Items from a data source
————————

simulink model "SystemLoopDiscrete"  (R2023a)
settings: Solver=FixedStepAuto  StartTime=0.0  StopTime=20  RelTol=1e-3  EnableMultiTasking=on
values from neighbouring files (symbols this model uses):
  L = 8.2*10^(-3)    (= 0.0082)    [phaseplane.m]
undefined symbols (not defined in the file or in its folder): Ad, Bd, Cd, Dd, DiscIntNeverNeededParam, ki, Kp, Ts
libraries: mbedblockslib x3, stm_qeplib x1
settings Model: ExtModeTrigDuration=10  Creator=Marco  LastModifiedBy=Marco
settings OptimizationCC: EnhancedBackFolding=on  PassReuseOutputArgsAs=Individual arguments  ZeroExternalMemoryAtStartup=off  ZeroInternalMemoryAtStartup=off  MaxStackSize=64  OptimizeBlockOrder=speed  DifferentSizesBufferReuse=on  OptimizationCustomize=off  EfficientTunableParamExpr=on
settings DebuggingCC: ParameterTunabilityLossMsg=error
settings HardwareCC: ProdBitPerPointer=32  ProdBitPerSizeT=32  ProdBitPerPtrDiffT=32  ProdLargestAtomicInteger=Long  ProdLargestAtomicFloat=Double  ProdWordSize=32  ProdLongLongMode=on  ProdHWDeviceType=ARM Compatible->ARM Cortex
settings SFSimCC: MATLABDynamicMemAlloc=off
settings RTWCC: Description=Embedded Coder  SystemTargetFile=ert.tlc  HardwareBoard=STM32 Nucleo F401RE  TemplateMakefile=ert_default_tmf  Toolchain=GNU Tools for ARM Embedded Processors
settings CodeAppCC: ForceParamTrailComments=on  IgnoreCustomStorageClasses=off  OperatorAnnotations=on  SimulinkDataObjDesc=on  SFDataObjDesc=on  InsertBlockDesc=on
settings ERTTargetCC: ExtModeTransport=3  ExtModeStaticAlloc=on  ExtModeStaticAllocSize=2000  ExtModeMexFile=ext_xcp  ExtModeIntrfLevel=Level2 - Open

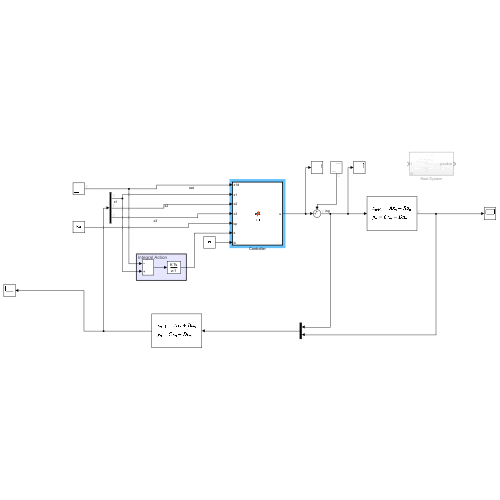
[thumbnail: Simulink's stored preview of the top-level diagram]
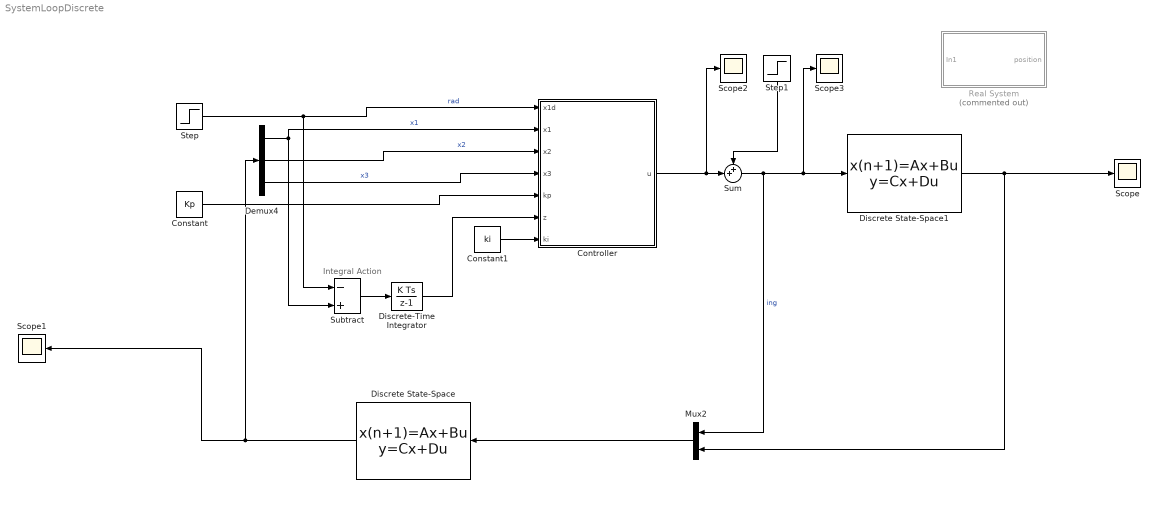
== system SystemLoopDiscrete ==
  note: Integral Action
  Constant : Constant  Value=Kp  SampleTime=Ts
  Constant1 : Constant  Value=ki  SampleTime=Ts
  Controller : MATLAB Function  TreatAsAtomicUnit=on
  Demux4 : Demux  Outputs=3
  Discrete State-Space : DiscreteStateSpace  A=Ad-L*Cd  B=[Bd L]  C=eye(3)  D=[ 0 0; 0 0; 0 0]  SampleTime=Ts
  Discrete State-Space1 : DiscreteStateSpace  A=Ad  B=Bd  C=Cd  D=Dd  SampleTime=Ts
  Discrete-Time Integrator : DiscreteIntegrator  gainval=1  SampleTime=Ts  ICPrevOutput=DiscIntNeverNeededParam  ICPrevScaledInput=DiscIntNeverNeededParam
  Mux2 : Mux  Inputs=2
  Real System : Subsystem  Commented=on
  Scope{,1..3} (4 alike) : Scope
  Step : Step  Time=0  SampleTime=Ts
  Step1 : Step  Time=0  After=0  SampleTime=Ts
  Subtract : Sum  Inputs=-+
  Sum : Sum  Inputs=++|
  wires:
  Discrete State-Space/1 -> Demux4/1, Scope1/1
  Mux2/1 -> Discrete State-Space/1
  Demux4/2 -> Controller/3(x2)  "x2"
  Demux4/3 -> Controller/4(x3)  "x3"
  Step1/1 -> Sum/1
  Sum/1 -> Discrete State-Space1/1, Scope3/1, Mux2/1  "ing"
  Discrete-Time Integrator/1 -> Controller/6(z)
  Discrete State-Space1/1 -> Mux2/2, Scope/1
  Constant/1 -> Controller/5(kp)
  Step/1 -> Controller/1(x1d), Subtract/1  "rad"
  Subtract/1 -> Discrete-Time Integrator/1
  Controller/1(u) -> Scope2/1, Sum/2
  Demux4/1 -> Subtract/2, Controller/2(x1)  "x1"
  Constant1/1 -> Controller/7(ki)

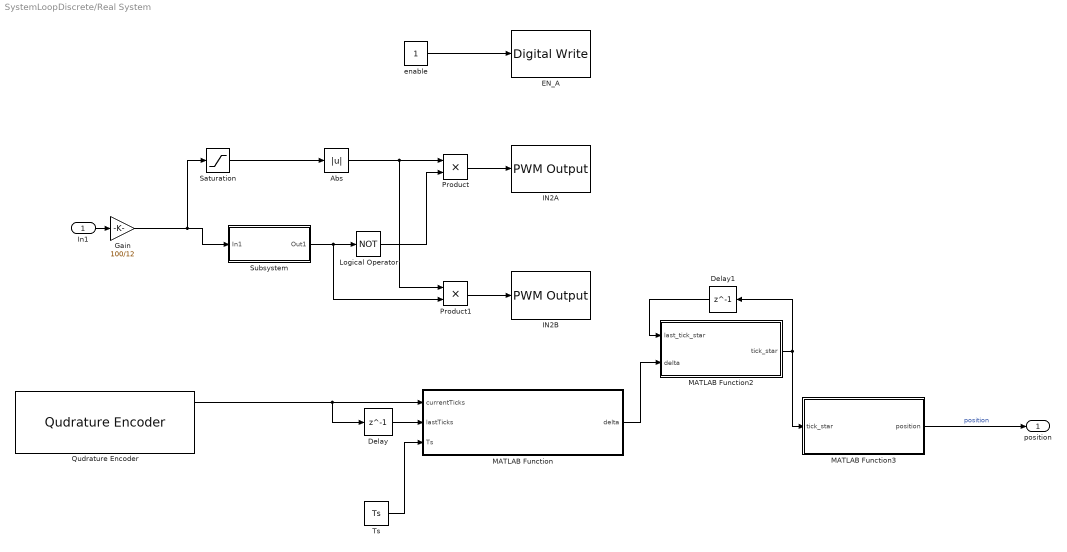
== system SystemLoopDiscrete/Real System ==
  In1 : Inport
  Abs : Abs  SaturateOnIntegerOverflow=off
  Delay : Delay  DelayLength=1  InitialCondition=0
  Delay1 : Delay  DelayLength=1  InitialCondition=0
  EN_A : mbedblockslib/Digital Write  Pin=2  Direction=output
      settings: LibrarySourceBlock=stmnucleorootlib/Common/Digital Write
  Gain : Gain  Gain=100/12
  IN2A : mbedblockslib/PWM Output  Pin=4  EnableInputFrequency=off  InitialFrequency=PWMFreq  InitialDutyCycle=50  NotificationType=None
      settings: LibrarySourceBlock=stmnucleorootlib/Common/PWM Output
  IN2B : mbedblockslib/PWM Output  Pin=5  EnableInputFrequency=off  InitialFrequency=PWMFreq  InitialDutyCycle=50  NotificationType=None
      settings: LibrarySourceBlock=stmnucleorootlib/Common/PWM Output
  Logical Operator : Logic  Operator=NOT  AllPortsSameDT=off  OutDataTypeStr=boolean
  MATLAB Function : MATLAB Function  TreatAsAtomicUnit=on
  MATLAB Function2 : MATLAB Function  TreatAsAtomicUnit=on
  MATLAB Function3 : MATLAB Function  TreatAsAtomicUnit=on
  Product : Product
  Product1 : Product
  Qudrature Encoder : stm_qeplib/Qudrature Encoder  SampleTime=Ts
  Saturation : Saturate  UpperLimit=100  LowerLimit=-100
  Subsystem : Subsystem
  Ts : Constant  Value=Ts
  enable : Constant
  position : Outport
  wires:
  enable/1 -> EN_A/1
  Subsystem/1(Out1) -> Product1/2, Logical Operator/1
  Saturation/1 -> Abs/1
  Product1/1 -> IN2B/1
  Product/1 -> IN2A/1
  Logical Operator/1 -> Product/2
  Abs/1 -> Product1/1, Product/1
  Gain/1 -> Saturation/1, Subsystem/1(In1)
  MATLAB Function2/1(tick_star) -> MATLAB Function3/1(tick_star), Delay1/1
  Qudrature Encoder/1 -> Delay/1, MATLAB Function/1(currentTicks)
  MATLAB Function/1(delta) -> MATLAB Function2/2(delta)
  Delay1/1 -> MATLAB Function2/1(last_tick_star)
  Ts/1 -> MATLAB Function/3(Ts)
  Delay/1 -> MATLAB Function/2(lastTicks)
  In1/1 -> Gain/1
  MATLAB Function3/1(position) -> position/1  "position"

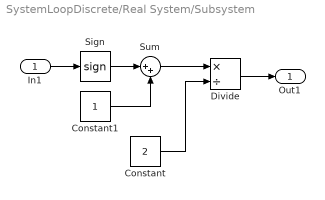
== system SystemLoopDiscrete/Real System/Subsystem ==
  In1 : Inport
  Constant : Constant  Value=2
  Constant1 : Constant
  Divide : Product  Inputs=*/
  Sign : Signum
  Sum : Sum  Inputs=|++
  Out1 : Outport
  wires:
  In1/1 -> Sign/1
  Sign/1 -> Sum/1
  Constant1/1 -> Sum/2
  Sum/1 -> Divide/1
  Constant/1 -> Divide/2
  Divide/1 -> Out1/1

== matlab function SystemLoopDiscrete/Real System/MATLAB Function ==
  data: currentTicks input; delta output; lastTicks input; Ts input
function delta = getTicksDelta(currentTicks, lastTicks, Ts)

currentTicks = double(currentTicks);
lastTicks = double(lastTicks);

if abs(currentTicks - lastTicks) <= ceil(8400*Ts)
    delta = currentTicks-lastTicks;
else
    if lastTicks > currentTicks
        delta = currentTicks + 2^16-1-lastTicks;
    else
        delta = currentTicks - 2^16+1-lastTicks;

end

end

== matlab function SystemLoopDiscrete/Controller ==
  data: x1d input; x1 input; u output; x2 input; x3 input; kp input; z input; ki input
function u = fcn(x1d, x1, x2, x3, kp, z, ki)

c = -kp(1)*(x1-x1d) - kp(2)*x2 - kp(3)*x3 - ki*z;

u = c

== matlab function SystemLoopDiscrete/Real System/MATLAB Function2 ==
  data: last_tick_star input; delta input; tick_star output
function tick_star = modCounter(last_tick_star, delta)

    % 89796 numero di tick per effettuare 25 giri completo
    tick_star = mod(last_tick_star + delta, 89796)

end

== matlab function SystemLoopDiscrete/Real System/MATLAB Function3 ==
  data: tick_star input; position output
function position = getPosition(tick_star)

    tick_star = double(tick_star);

    completeTheta = 2*pi*tick_star/(3591.84);

    position = sign(completeTheta) * mod(abs(completeTheta), 2*pi);

end

————————

_TASK OBJECTIVE_:
Output only the lines above from the line that holds "settings CodeAppCC: ForceParamTrailComments=on" through the line that holds "Constant/1 -> Controller/5(kp)", both ends included, and exclude pictures.

_ANSWER FOR THIS EXERCISE_:
settings CodeAppCC: ForceParamTrailComments=on  IgnoreCustomStorageClasses=off  OperatorAnnotations=on  SimulinkDataObjDesc=on  SFDataObjDesc=on  InsertBlockDesc=on
settings ERTTargetCC: ExtModeTransport=3  ExtModeStaticAlloc=on  ExtModeStaticAllocSize=2000  ExtModeMexFile=ext_xcp  ExtModeIntrfLevel=Level2 - Open

[thumbnail: Simulink's stored preview of the top-level diagram]
== system SystemLoopDiscrete ==
  note: Integral Action
  Constant : Constant  Value=Kp  SampleTime=Ts
  Constant1 : Constant  Value=ki  SampleTime=Ts
  Controller : MATLAB Function  TreatAsAtomicUnit=on
  Demux4 : Demux  Outputs=3
  Discrete State-Space : DiscreteStateSpace  A=Ad-L*Cd  B=[Bd L]  C=eye(3)  D=[ 0 0; 0 0; 0 0]  SampleTime=Ts
  Discrete State-Space1 : DiscreteStateSpace  A=Ad  B=Bd  C=Cd  D=Dd  SampleTime=Ts
  Discrete-Time Integrator : DiscreteIntegrator  gainval=1  SampleTime=Ts  ICPrevOutput=DiscIntNeverNeededParam  ICPrevScaledInput=DiscIntNeverNeededParam
  Mux2 : Mux  Inputs=2
  Real System : Subsystem  Commented=on
  Scope{,1..3} (4 alike) : Scope
  Step : Step  Time=0  SampleTime=Ts
  Step1 : Step  Time=0  After=0  SampleTime=Ts
  Subtract : Sum  Inputs=-+
  Sum : Sum  Inputs=++|
  wires:
  Discrete State-Space/1 -> Demux4/1, Scope1/1
  Mux2/1 -> Discrete State-Space/1
  Demux4/2 -> Controller/3(x2)  "x2"
  Demux4/3 -> Controller/4(x3)  "x3"
  Step1/1 -> Sum/1
  Sum/1 -> Discrete State-Space1/1, Scope3/1, Mux2/1  "ing"
  Discrete-Time Integrator/1 -> Controller/6(z)
  Discrete State-Space1/1 -> Mux2/2, Scope/1
  Constant/1 -> Controller/5(kp)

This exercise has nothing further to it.